Frequently Asked Questions (FAQ)

  1. Does WhatCable work on Intel Macs or Windows? No, WhatCable requires Apple Silicon (M1 or later) Macs running macOS 14 or later. Intel Macs use different Thunderbolt controllers that do not expose the necessary USB-PD and cable e-marker data through public macOS APIs. It is not available for Windows.
  2. Can WhatCable definitively detect a fake or counterfeit USB-C cable? Not definitively. WhatCable's "trust signals" feature flags e-marker data that violates the USB-PD specification (e.g., unregistered Vendor ID, reserved bit patterns). This indicates the cable is "worth investigating" or non-compliant, but is not a guaranteed test for counterfeits, as some non-certified cables may still function.
  3. Why does my USB-C cable show no e-marker data in WhatCable? Cheap USB 2.0 cables and most cables rated below 3A/60W are not required by the USB-C specification to have an e-marker chip. If a cable lacks this chip, there is no data for WhatCable to read and display. This is normal for basic, low-power charging cables.

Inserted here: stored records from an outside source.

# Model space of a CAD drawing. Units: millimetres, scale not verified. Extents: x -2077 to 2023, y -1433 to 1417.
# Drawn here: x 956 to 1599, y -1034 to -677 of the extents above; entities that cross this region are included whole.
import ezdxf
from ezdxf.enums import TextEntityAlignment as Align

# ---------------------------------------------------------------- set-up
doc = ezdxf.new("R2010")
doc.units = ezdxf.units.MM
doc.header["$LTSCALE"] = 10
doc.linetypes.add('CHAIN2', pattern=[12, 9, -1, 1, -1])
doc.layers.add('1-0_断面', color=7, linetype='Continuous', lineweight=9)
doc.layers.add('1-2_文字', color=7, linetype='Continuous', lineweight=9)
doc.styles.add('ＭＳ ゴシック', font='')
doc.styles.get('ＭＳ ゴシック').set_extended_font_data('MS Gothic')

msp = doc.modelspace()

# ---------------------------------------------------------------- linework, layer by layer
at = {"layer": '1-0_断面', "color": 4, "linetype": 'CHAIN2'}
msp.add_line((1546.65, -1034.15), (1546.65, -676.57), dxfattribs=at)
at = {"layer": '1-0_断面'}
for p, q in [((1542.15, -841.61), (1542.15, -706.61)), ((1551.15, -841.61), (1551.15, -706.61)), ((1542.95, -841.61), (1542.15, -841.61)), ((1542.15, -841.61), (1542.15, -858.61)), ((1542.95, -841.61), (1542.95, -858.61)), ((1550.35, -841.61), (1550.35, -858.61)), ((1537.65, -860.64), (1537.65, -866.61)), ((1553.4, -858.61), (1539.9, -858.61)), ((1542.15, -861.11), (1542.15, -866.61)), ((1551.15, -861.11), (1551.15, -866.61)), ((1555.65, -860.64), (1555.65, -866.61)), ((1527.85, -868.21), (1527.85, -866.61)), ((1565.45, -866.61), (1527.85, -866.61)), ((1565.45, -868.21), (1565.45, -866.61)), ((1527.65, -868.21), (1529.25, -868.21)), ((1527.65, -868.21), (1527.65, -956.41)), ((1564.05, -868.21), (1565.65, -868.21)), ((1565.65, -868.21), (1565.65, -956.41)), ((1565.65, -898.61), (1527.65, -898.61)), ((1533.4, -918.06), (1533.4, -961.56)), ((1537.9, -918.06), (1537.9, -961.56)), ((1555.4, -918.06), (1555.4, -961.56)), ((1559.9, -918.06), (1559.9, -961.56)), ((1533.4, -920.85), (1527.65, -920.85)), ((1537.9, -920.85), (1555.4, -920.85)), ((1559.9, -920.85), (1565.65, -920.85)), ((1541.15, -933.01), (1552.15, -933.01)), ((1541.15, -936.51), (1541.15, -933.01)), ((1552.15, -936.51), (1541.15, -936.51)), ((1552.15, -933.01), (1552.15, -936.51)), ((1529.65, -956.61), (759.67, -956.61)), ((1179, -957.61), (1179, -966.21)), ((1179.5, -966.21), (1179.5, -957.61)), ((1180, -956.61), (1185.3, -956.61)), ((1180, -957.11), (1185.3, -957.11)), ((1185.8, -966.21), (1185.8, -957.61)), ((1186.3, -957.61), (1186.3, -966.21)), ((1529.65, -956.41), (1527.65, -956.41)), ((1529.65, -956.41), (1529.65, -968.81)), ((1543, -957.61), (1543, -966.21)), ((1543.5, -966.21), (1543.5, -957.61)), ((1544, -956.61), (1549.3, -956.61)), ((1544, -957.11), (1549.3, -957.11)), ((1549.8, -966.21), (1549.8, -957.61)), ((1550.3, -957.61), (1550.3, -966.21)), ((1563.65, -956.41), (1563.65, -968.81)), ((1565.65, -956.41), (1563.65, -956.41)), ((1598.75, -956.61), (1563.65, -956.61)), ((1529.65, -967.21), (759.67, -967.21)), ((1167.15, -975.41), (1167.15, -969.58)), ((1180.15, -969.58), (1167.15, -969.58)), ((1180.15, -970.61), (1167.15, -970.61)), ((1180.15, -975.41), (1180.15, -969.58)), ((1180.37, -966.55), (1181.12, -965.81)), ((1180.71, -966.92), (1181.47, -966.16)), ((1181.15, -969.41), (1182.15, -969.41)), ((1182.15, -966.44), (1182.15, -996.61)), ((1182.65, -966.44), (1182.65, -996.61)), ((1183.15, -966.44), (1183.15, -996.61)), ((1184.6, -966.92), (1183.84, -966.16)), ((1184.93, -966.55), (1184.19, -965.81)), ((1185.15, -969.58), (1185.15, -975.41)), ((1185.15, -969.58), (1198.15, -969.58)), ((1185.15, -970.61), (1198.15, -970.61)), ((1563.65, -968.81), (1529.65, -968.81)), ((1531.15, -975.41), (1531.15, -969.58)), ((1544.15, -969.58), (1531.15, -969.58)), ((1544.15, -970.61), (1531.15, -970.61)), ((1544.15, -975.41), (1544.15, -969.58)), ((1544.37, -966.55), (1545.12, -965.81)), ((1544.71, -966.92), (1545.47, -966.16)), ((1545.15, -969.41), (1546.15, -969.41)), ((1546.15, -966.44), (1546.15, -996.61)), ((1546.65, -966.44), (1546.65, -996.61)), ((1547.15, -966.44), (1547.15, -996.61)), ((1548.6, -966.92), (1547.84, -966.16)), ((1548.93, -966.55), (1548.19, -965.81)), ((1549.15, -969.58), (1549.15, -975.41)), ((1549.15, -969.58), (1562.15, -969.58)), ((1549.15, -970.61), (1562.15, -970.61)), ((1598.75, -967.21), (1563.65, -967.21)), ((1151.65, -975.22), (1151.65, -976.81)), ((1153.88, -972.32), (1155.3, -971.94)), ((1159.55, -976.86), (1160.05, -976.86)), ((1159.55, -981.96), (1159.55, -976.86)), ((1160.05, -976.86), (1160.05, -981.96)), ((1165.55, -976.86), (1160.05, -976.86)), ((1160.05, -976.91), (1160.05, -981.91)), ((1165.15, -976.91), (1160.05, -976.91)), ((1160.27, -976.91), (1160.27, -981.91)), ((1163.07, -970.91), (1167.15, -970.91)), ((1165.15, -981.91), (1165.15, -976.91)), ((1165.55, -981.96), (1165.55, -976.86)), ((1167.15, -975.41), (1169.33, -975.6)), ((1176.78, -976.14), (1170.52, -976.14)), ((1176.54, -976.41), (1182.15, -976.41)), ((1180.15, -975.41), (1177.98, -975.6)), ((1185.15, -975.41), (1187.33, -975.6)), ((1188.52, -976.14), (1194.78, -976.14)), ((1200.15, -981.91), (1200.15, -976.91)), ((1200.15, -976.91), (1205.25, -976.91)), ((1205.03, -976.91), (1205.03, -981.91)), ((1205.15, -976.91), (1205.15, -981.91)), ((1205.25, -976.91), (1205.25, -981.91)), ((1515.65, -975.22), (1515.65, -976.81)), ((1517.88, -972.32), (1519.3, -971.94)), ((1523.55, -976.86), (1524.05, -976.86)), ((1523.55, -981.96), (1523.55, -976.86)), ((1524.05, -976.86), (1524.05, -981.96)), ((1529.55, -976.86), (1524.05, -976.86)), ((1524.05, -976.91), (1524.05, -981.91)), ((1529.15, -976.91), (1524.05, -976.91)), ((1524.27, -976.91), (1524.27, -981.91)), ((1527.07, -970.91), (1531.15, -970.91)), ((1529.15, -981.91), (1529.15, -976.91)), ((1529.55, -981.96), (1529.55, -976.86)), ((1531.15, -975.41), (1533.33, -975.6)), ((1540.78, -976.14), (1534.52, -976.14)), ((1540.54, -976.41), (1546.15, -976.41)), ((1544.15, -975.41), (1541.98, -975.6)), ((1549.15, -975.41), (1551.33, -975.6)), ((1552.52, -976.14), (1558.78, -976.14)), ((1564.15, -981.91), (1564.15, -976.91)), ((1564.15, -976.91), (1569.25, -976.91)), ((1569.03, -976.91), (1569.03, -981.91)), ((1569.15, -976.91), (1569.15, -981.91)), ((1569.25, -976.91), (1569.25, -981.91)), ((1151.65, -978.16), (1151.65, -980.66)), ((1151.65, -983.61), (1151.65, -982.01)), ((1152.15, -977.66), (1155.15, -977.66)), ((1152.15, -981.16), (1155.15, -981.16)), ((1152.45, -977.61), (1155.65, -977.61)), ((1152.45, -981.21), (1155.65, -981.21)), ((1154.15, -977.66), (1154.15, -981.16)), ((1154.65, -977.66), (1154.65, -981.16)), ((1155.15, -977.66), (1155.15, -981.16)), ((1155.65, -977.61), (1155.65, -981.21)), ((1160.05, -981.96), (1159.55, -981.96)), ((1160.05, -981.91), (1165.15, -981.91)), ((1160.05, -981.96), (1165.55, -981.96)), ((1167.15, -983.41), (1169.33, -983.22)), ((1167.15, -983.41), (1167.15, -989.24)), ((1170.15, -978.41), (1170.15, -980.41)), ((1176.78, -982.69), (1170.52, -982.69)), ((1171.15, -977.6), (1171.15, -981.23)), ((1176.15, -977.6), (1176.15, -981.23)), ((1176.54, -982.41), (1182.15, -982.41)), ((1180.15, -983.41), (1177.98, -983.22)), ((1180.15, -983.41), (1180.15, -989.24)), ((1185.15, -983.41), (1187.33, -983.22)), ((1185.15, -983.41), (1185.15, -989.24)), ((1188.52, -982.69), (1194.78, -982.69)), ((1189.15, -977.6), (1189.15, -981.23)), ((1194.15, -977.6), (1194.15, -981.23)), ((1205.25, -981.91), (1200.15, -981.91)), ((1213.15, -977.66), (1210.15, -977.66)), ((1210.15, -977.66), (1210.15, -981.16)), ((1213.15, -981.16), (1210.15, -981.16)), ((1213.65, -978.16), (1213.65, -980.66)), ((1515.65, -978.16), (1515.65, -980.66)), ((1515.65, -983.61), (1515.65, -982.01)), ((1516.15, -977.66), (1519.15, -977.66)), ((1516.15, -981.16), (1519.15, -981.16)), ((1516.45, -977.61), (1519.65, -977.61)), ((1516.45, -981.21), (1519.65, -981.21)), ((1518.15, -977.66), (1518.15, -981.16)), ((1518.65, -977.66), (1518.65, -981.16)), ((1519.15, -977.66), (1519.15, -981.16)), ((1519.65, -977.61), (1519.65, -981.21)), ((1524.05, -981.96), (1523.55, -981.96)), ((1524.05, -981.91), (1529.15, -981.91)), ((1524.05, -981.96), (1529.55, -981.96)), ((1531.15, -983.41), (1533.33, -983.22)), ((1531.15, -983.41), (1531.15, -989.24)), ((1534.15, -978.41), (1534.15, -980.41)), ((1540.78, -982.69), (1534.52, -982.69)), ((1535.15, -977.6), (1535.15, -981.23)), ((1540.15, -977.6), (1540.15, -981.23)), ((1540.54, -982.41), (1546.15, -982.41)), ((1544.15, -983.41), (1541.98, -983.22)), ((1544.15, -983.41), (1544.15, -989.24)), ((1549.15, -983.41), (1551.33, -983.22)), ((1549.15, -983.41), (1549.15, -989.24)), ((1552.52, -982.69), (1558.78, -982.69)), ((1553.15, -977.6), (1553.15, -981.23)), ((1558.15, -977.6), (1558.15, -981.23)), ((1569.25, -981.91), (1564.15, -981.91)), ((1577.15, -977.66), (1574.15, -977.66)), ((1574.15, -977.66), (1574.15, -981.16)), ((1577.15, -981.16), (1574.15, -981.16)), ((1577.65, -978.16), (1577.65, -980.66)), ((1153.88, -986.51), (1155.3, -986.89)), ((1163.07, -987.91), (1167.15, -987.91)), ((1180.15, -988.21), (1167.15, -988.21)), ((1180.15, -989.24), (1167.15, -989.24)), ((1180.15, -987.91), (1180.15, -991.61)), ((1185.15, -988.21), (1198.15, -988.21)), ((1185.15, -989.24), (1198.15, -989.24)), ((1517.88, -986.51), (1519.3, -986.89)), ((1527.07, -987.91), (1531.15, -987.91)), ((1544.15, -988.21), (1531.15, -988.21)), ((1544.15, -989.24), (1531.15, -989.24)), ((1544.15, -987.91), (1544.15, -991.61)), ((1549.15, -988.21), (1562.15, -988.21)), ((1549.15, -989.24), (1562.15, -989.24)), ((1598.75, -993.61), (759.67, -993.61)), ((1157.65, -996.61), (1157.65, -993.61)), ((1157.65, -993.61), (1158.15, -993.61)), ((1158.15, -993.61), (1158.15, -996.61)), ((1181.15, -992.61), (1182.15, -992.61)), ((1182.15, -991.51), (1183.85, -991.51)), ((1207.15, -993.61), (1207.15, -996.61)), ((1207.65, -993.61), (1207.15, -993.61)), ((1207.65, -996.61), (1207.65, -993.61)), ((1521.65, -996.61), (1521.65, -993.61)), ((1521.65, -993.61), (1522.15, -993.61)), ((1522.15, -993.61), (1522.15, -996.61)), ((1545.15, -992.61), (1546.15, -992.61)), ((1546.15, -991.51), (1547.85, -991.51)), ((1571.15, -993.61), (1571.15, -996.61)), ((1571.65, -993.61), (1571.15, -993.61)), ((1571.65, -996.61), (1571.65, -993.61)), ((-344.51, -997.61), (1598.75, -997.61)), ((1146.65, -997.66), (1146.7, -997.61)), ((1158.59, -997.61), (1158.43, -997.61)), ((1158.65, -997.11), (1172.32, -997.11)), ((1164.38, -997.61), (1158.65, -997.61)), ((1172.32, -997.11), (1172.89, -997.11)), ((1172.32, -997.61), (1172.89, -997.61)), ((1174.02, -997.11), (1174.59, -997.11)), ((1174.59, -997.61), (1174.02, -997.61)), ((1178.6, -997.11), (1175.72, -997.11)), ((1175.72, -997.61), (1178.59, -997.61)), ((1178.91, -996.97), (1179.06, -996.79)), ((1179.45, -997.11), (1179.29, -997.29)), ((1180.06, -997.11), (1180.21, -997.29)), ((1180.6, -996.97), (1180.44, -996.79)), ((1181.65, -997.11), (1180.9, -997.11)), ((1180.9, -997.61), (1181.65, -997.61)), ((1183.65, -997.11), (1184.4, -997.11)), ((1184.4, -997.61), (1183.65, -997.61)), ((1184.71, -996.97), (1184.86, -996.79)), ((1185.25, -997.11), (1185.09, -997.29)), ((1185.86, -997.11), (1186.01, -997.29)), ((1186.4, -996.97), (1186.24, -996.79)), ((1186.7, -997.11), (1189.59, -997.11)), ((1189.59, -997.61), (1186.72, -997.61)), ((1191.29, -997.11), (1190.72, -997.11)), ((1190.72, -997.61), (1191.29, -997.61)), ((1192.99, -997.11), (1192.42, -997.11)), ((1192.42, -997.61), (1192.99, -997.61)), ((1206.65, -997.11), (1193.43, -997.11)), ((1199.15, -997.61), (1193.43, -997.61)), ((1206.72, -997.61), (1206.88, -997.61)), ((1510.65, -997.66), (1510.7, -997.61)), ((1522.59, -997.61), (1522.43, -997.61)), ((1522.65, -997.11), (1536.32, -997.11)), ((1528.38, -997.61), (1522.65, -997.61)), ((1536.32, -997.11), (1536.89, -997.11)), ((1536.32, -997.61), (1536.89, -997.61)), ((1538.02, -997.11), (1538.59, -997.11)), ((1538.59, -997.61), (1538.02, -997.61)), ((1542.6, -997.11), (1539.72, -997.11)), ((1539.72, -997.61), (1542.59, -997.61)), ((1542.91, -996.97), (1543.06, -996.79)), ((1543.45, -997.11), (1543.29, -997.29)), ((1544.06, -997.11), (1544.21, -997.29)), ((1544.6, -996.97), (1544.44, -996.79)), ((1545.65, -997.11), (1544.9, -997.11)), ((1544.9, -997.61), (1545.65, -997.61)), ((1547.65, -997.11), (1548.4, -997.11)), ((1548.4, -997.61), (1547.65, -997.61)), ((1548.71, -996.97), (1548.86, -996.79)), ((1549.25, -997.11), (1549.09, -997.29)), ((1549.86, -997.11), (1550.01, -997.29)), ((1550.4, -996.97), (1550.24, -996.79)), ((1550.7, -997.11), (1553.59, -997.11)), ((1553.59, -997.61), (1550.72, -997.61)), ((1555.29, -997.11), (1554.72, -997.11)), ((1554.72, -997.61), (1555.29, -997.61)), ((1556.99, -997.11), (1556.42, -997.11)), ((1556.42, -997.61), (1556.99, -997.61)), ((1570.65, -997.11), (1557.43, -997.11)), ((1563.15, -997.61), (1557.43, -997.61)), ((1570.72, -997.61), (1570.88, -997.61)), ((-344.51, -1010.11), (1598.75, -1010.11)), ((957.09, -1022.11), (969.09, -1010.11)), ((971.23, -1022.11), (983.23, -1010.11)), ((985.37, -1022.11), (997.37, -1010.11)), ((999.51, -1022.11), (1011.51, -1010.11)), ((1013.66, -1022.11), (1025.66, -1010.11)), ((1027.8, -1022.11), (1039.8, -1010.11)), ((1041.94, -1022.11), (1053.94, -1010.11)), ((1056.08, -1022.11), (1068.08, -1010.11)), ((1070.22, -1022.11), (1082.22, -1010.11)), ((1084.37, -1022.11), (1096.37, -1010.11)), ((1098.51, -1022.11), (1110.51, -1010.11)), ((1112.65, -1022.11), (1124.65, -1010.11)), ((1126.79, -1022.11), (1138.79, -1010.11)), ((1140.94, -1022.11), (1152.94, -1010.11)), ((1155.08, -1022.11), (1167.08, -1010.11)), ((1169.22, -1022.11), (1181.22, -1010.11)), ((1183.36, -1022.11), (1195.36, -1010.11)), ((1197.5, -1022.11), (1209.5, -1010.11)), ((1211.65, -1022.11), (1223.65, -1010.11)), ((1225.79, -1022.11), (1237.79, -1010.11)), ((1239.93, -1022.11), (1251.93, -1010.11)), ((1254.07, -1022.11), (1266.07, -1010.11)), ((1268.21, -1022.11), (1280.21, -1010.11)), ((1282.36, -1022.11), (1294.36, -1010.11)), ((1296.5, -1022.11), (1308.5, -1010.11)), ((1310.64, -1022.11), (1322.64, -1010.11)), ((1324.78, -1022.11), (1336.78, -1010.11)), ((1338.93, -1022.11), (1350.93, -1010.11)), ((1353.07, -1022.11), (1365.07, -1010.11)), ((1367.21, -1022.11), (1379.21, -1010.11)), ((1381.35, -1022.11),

  4. What is the difference between the free WhatCable app and WhatCable Pro? The free app provides core features: cable identification, bottleneck analysis, and device matching. WhatCable Pro (£4.99 one-time) unlocks 12 advanced features including live power metering, port health counters, full PD contract inspection, DisplayPort Alt Mode details, and raw VDO data for power users and professional diagnostics.
  5. Is WhatCable secure, and does it collect my data? According to the developer, WhatCable has no analytics, telemetry, or network calls. It reads only local IOKit data and does not "phone home." The app is open-source (MIT licensed), allowing its code and privacy claims to be publicly verified on GitHub.